Samsung ships 12-layer HBM4E samples

Samsung has begun shipping 12-layer HBM4E samples to major customers. The devices target AI accelerators and data-centre systems with 48GB stacks, 14Gbps pin speed, and up to 3.6TB/s bandwidth.


IN Brief:

  • Samsung has begun shipping 12-layer HBM4E samples to major global customers.
  • The initial device offers 48GB capacity, stable 14Gbps pin speed, and up to 3.6TB/s bandwidth per stack.
  • HBM development is increasingly shaped by packaging, thermals, power efficiency, and AI accelerator bandwidth.

Samsung Electronics has begun shipping 12-layer HBM4E samples to major global customers, extending its high-bandwidth memory roadmap for AI accelerators, high-performance computing, and hyperscale data-centre systems.

The initial 12-layer device provides 48GB capacity and stable operation at 14Gbps pin speed, with scalability to 16Gbps. At that level, the stack delivers up to 3.6TB/s of memory bandwidth, representing a performance increase of more than 20% over Samsung’s HBM4 generation.

Samsung is also preparing 32GB and 64GB configurations, covering 8-layer, 12-layer, and 16-layer options. The HBM4E device uses Samsung’s sixth-generation 10nm-class 1c DRAM process and a 4nm logic base die, combining memory and logic technologies within a package architecture built for high-bandwidth AI workloads.

Energy efficiency and thermal resistance have also been improved, with Samsung reporting a 16% gain in power efficiency and more than 14% better thermal resistance compared with the previous generation. Those metrics are becoming increasingly central as stack capacity and interface speed continue to rise.

HBM design is no longer a simple bandwidth race. AI accelerators need dense, fast memory placed close to the compute engine, but every increase in stack height, pin speed, and capacity adds pressure to the substrate, base die, interconnect, power delivery, and cooling design. A memory stack can unlock accelerator performance only if the surrounding package can keep it fed, stable, and thermally controlled.

That package-level challenge is already shaping the next phase of AI hardware. Glass-core substrates moving toward AI packaging point to the same underlying constraint: processors, memory, and advanced interconnect are becoming inseparable at system level. HBM4E pushes the memory side forward, while substrate and packaging technologies determine how far that performance can be used in production systems.

Memory energy consumption is also gaining importance as AI infrastructure scales. Data movement can account for a substantial portion of system power, and higher bandwidth is valuable only when it does not create a disproportionate thermal or energy penalty. Improvements in energy per bit, heat dissipation, and reliability are therefore becoming just as relevant as headline throughput.

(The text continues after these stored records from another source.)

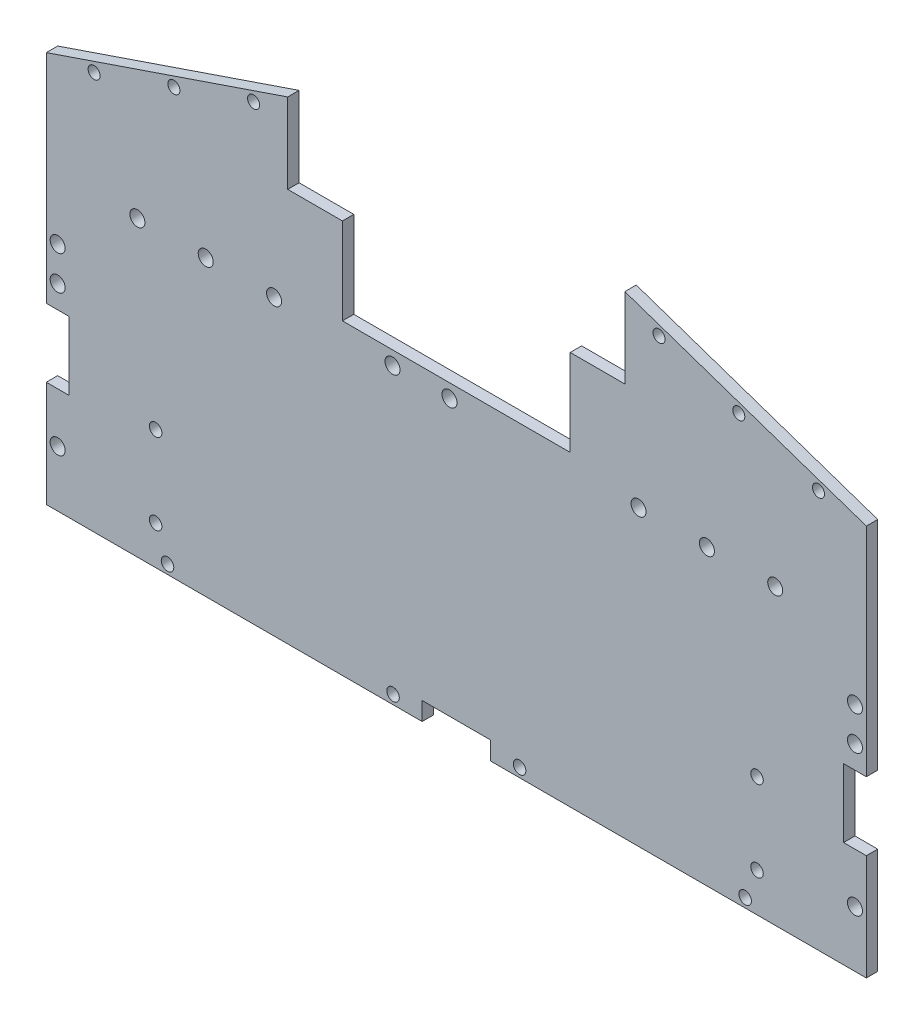
SolidWorks part; units mm, degrees
material "7075-T6, Chapa (SS)"
ref_plane "Plano frontal" through (0, 0, 0) normal (0, 0, 1) x (1, 0, 0)
ref_plane "Plano superior" through (0, 0, 0) normal (0, 1, 0) x (1, 0, 0)
ref_plane "Plano direito" through (0, 0, 0) normal (1, 0, 0) x (0, 0, -1)
sketch "Esboço1" plane through (0, 0, 0) normal (0, 0, 1) x (1, 0, 0)
  line L0 (230, 172.82) -> (360, 172.82)
  line L1 (0, 0) -> (360, 0)
  line L2 (0, 0) -> (0, 172.82)
  line L3 (0, 172.82) -> (130, 172.82)
  line L4 (360, 0) -> (360, 172.82)
  line L6 (130, 172.82) -> (130, 134.82)
  line L8 (230, 172.82) -> (230, 134.82)
  line L9 (130, 134.82) -> (230, 134.82)
  dimension "D1" = 360
  dimension "D2" = 172.82
  dimension "D3" = 38
  dimension "D4" = 100
extrude "Ressalto-extrusão1" add sketch "Esboço1" along normal blind 5
sketch "Esboço2" plane through (0, 0, 5) normal (0, 0, 1) x (1, 0, 0)
  line L0 (0, 172.82) -> (0, 0) construction
  line L5 (180, 134.82) -> (180, 0) construction
  line L7 (0, 0) -> (360, 0) construction
  line L8 (230, 134.82) -> (130, 134.82) construction
  line L14 (0, 46.5) -> (10, 46.5)
  line L15 (0, 46.5) -> (0, 76.5)
  line L16 (0, 76.5) -> (10, 76.5)
  line L17 (10, 46.5) -> (10, 76.5)
  line L18 (360, 76.5) -> (350, 76.5)
  line L19 (350, 46.5) -> (350, 76.5)
  line L20 (360, 46.5) -> (350, 46.5)
  line L21 (360, 46.5) -> (360, 76.5)
  line L31 (165, 0) -> (195, 0)
  line L32 (165, 0) -> (165, 8)
  line L33 (165, 8) -> (195, 8)
  line L34 (195, 0) -> (195, 8)
  dimension "D2" = 10
  dimension "D3" = 30
  dimension "D6" = 46.5
  dimension "D10" = 30
  dimension "D11" = 8
extrude "Corte-extrusão1" cut sketch "Esboço2" against normal blind 5
sketch "Esboço3" plane through (0, 0, 5) normal (0, 0, 1) x (1, 0, 0)
  line L0 (360, 172.82) -> (360, 187.82)
  line L3 (0, 187.82) -> (110, 227.82)
  line L5 (360, 172.82) -> (230, 172.82) construction
  line L7 (250, 172.82) -> (250, 227.82)
  line L8 (250, 227.82) -> (360, 187.82)
  line L10 (250, 172.82) -> (360, 172.82)
  line L11 (0, 172.82) -> (0, 187.82)
  line L13 (0, 172.82) -> (110, 172.82)
  line L14 (130, 172.82) -> (0, 172.82) construction
  line L16 (110, 172.82) -> (110, 227.82)
  dimension "D1" = 55
  dimension "D2" = 15
  dimension "D3" = 55
  dimension "D4" = 110
  dimension "D6" = 110
  dimension "D7" = 15
extrude "Ressalto-extrusão2" add sketch "Esboço3" against normal up to surface (5 mm away) up to face at (180, 73.446, 0)
hole_wizard "Furo com folga de M61" positions "Esboço4" profile "Esboço5" hole size "M6" standard "ISO" end condition through all
sketch "Esboço4" plane through (0, 0, 0) normal (0, 0, -1) x (-1, 0, 0)
  line L1 (-360, 76.5) -> (-360, 187.82) construction
  line L2 (-195, 0) -> (-360, 0) construction
  line L3 (-360, 76.5) -> (-350, 76.5) construction
  line L5 (-10, 76.5) -> (0, 76.5) construction
  line L7 (0, 187.82) -> (0, 76.5) construction
  line L8 (-320, 128.82) -> (-40, 128.82) construction
  line L9 (-350, 46.5) -> (-360, 46.5) construction
  line L10 (0, 46.5) -> (-10, 46.5) construction
  line L12 (-355, 0) -> (-355, 189.6382) construction
  line L13 (-360, 187.82) -> (-250, 227.82) construction
  line L14 (-5, 0) -> (-5, 189.6382) construction
  line L15 (0, 0) -> (-165, 0) construction
  line L16 (-110, 227.82) -> (0, 187.82) construction
  line L17 (-230, 172.82) -> (-230, 134.82) construction
  line L18 (-130, 134.82) -> (-130, 172.82) construction
  point P2 (-355, 24.65)
  point P4 (-355, 86.5)
  point P10 (-5, 24.65)
  point P12 (-5, 86.5)
  point P34 (-320, 128.82)
  point P36 (-290, 128.82)
  point P38 (-70, 128.82)
  point P40 (-40, 128.82)
  point P50 (-177, 128.82)
  point P77 (-355, 101.5)
  point P88 (-5, 101.5)
  point P110 (-260, 128.82)
  point P112 (-100, 128.82)
  point P114 (-152, 128.82)
  dimension "D3" = 5
  dimension "D4" = 21.85
  dimension "D5" = 21.85
  dimension "D7" = 10
  dimension "D11" = 10
  dimension "D12" = 5
  dimension "D13" = 15
  dimension "D17" = 128.82
  dimension "D18" = 30
  dimension "D19" = 30
  dimension "D20" = 30
  dimension "D21" = 30
  dimension "D23" = 15
  dimension "D24" = 30
  dimension "D25" = 30
  dimension "D26" = 22
  dimension "D27" = 25
sketch "Esboço5" plane through (355, 24.65, 0) normal (1, 0, 0) x (0, 1, 0)
  line L0 (0, 0) -> (0, 5)
  line L1 (0, 5) -> (3.3, 5)
  line L2 (3.3, 5) -> (3.3, 0)
  line L5 (3.3, 0) -> (0, 0)
  line L11 (0, -6.35) -> (0, 107.95) construction
  dimension "Thru Hole Dia." = 6.6
  dimension "Thru Hole Depth" = 5
hole_wizard "Furo com folga de M51" positions "Esboço6" profile "Esboço7" hole size "M5" standard "ISO" end condition through all
sketch "Esboço6" plane through (0, 0, 0) normal (0, 0, -1) x (-1, 0, 0)
  line L0 (-195, 0) -> (-360, 0) construction
  line L1 (-360, 0) -> (-360, 46.5) construction
  line L6 (-312, 17) -> (-312, 52.5) construction
  line L8 (-360, 4) -> (0, 4) construction
  line L9 (0, 46.5) -> (0, 0) construction
  point P0 (-312, 17)
  point P37 (-312, 52.5)
  point P46 (-306.78, 4)
  point P48 (-207.78, 4)
  point P50 (-152.22, 4)
  point P52 (-53.22, 4)
  dimension "D1" = 17
  dimension "D2" = 48
  dimension "D3" = 35.5
  dimension "D4" = 4
  dimension "D7" = 53.22
  dimension "D8" = 99
  dimension "D9" = 53.22
  dimension "D10" = 99
sketch "Esboço7" plane through (312, 17, 0) normal (1, 0, 0) x (0, 1, 0)
  line L0 (0, 0) -> (0, 5)
  line L1 (0, 5) -> (2.75, 5)
  line L2 (2.75, 5) -> (2.75, 0)
  line L5 (2.75, 0) -> (0, 0)
  line L11 (0, -6.35) -> (0, 107.95) construction
  dimension "Thru Hole Dia." = 5.5
  dimension "Thru Hole Depth" = 5
ref_plane "Plano1" through (180, 0, 0) normal (1, 0, 0) x (0, 0, -1)
mirror "Espelhar1" about plane through (180, 0, 0) normal (1, 0, 0) of "Furo com folga de M51"
sketch "Esboço8" plane through (0, 0, 5) normal (0, 0, 1) x (1, 0, 0)
  line L0 (0, 187.82) -> (110, 227.82)
  line L1 (110, 227.82) -> (110, 209.32)
  line L2 (110, 172.82) -> (110, 227.82) construction
  line L3 (110, 209.32) -> (0, 171.82)
  line L4 (0, 187.82) -> (0, 76.5) construction
  line L5 (0, 171.82) -> (0, 187.82)
  line L6 (180, -2.75) -> (180, 2.75) construction
  line L7 (250, 209.32) -> (360, 171.82)
  line L8 (250, 227.82) -> (250, 209.32)
  line L9 (360, 187.82) -> (250, 227.82)
  line L10 (360, 171.82) -> (360, 187.82)
  dimension "D1" = 16
  dimension "D2" = 18.5
extrude "Corte-extrusão2" cut sketch "Esboço8" against normal through all
sketch "Esboço9" plane through (0, 0, 5) normal (0, 0, 1) x (1, 0, 0)
  line L0 (110, 172.82) -> (106, 172.82)
  line L1 (106, 172.82) -> (106, 272.82)
  line L2 (106, 272.82) -> (110, 272.82)
  line L3 (110, 272.82) -> (110, 172.82)
  line L4 (250, 172.82) -> (254, 172.82)
  line L5 (254, 172.82) -> (254, 272.82)
  line L6 (254, 272.82) -> (250, 272.82)
  line L7 (250, 272.82) -> (250, 172.82)
  dimension "D1" = 4
  dimension "D2" = 4
  dimension "D3" = 100
  dimension "D4" = 100
extrude "Corte-extrusão3" cut sketch "Esboço9" against normal through all
hole_wizard "Furo com folga de M52" positions "Esboço10" profile "Esboço11" hole size "M5" standard "ISO"
sketch "Esboço10" plane through (0, 0, 5) normal (0, 0, 1) x (1, 0, 0)
  line L0 (91, 198.6167) -> (21, 174.753) construction
  line L2 (0, 171.82) -> (106, 207.9564) construction
  line L3 (106, 207.9564) -> (106, 172.82) construction
  point P0 (91, 198.6167)
  point P2 (56, 186.6849)
  point P4 (21, 174.753)
  dimension "D1" = 4
  dimension "D2" = 15
  dimension "D3" = 35
  dimension "D4" = 70
sketch "Esboço11" plane through (91, 198.6167, 5) normal (1, 0, 0) x (0, -1, 0)
  line L0 (0, 0) -> (0, 16.5923)
  line L1 (0, 16.5923) -> (2.65, 15)
  line L2 (2.65, 15) -> (2.65, 0)
  line L5 (2.65, 0) -> (0, 0)
  line L10 (0, 16.5923) -> (-2.65, 15) construction
  line L11 (0, -6.35) -> (0, 107.95) construction
  dimension "Hole Dia." = 5.3
  dimension "Hole Depth" = 15
  dimension "Drill Angle" = 118
mirror "Espelhar2" about plane through (180, 0, 0) normal (1, 0, 0) of "Furo com folga de M52"

Customer sampling gives processor and system developers a route to validate performance, package integration, thermals, and manufacturability before mass production. HBM is tightly linked to accelerator development cycles, so early samples are needed long before platforms reach commercial deployment.

Samsung plans to move HBM4E into mass production in line with customer schedules. As AI hardware becomes more memory-bound, the HBM stack is becoming one of the defining components in accelerator design, sitting at the intersection of DRAM process, logic base die, advanced packaging, and data-centre thermal management.